TASK BRIEF:
Which of the lines below mention the word "with"? Pull each one out.
^^^^
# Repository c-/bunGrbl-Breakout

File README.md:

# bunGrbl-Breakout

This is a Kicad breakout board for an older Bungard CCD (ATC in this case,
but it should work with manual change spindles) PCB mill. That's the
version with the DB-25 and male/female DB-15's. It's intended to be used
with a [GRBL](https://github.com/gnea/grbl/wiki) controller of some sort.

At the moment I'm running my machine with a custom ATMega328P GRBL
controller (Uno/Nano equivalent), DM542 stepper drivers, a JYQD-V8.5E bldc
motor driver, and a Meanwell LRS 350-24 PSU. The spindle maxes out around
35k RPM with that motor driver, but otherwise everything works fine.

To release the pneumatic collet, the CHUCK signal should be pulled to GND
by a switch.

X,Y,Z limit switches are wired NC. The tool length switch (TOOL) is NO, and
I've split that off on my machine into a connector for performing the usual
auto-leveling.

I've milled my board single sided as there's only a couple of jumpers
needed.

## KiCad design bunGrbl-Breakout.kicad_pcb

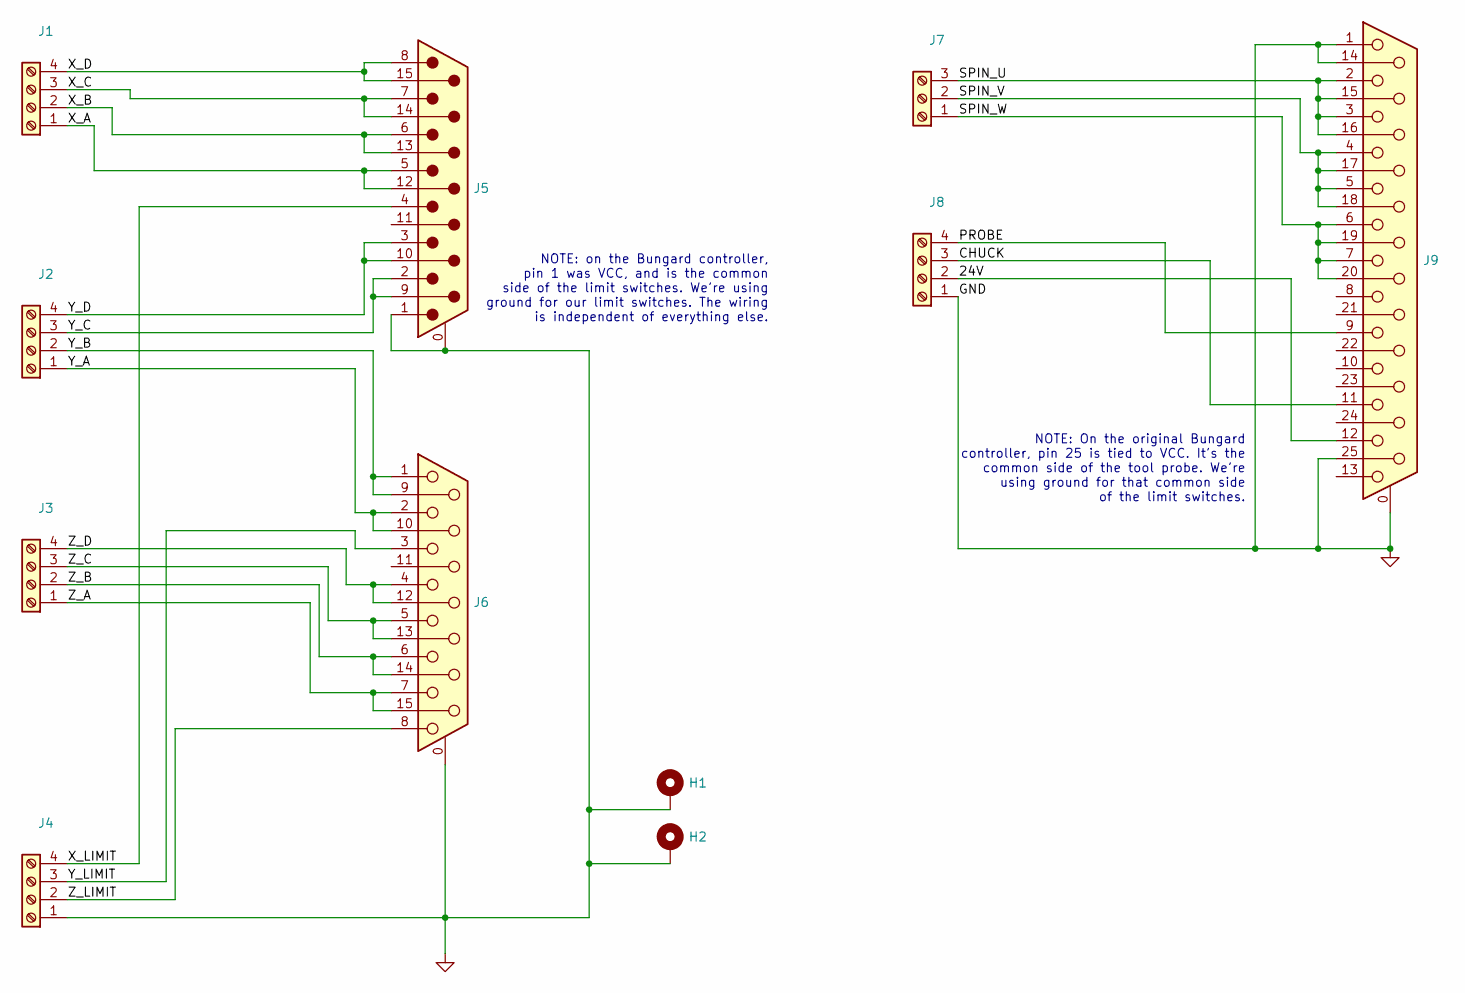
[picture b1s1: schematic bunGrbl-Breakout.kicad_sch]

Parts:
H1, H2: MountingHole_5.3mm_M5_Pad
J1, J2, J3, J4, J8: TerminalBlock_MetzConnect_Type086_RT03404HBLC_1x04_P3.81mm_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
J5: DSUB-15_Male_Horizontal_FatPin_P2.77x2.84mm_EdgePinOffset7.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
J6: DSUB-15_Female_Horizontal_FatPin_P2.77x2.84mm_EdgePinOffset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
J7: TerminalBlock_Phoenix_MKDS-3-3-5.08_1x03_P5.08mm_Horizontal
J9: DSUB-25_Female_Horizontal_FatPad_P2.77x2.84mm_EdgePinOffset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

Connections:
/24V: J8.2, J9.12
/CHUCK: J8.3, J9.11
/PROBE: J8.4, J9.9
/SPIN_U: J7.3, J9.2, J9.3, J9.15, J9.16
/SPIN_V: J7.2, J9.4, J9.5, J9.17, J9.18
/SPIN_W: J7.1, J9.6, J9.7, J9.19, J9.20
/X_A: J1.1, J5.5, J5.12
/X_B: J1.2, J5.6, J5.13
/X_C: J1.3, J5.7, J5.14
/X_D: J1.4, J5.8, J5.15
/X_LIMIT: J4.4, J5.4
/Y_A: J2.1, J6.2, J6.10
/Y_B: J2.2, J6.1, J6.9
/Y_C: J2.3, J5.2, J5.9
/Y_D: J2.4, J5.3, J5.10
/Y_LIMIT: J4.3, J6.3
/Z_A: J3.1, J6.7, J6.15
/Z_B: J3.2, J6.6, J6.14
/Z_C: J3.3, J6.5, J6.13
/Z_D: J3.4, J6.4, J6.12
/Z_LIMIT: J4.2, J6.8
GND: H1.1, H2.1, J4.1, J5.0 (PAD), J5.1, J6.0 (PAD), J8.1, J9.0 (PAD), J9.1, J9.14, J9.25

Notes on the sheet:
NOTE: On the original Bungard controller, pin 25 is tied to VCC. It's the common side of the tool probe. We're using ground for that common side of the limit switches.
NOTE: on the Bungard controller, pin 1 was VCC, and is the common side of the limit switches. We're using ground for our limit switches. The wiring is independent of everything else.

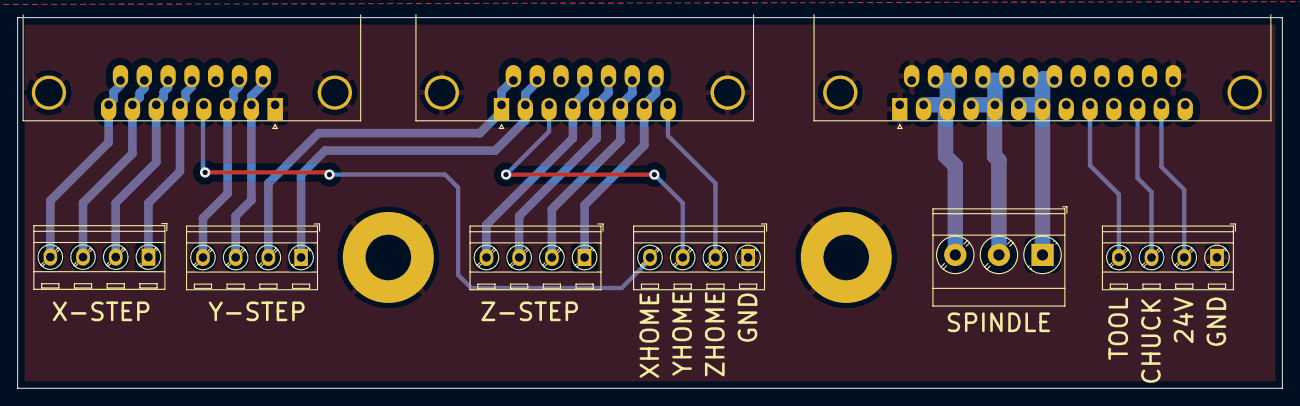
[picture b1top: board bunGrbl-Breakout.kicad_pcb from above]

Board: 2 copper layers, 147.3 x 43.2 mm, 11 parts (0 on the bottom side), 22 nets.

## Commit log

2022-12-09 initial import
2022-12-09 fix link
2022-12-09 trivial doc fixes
^^^^
RESULT OF THIS TASK:
but it should work with manual change spindles) PCB mill. That's the
version with the DB-25 and male/female DB-15's. It's intended to be used
with a [GRBL](https://github.com/gnea/grbl/wiki) controller of some sort.
At the moment I'm running my machine with a custom ATMega328P GRBL
35k RPM with that motor driver, but otherwise everything works fine.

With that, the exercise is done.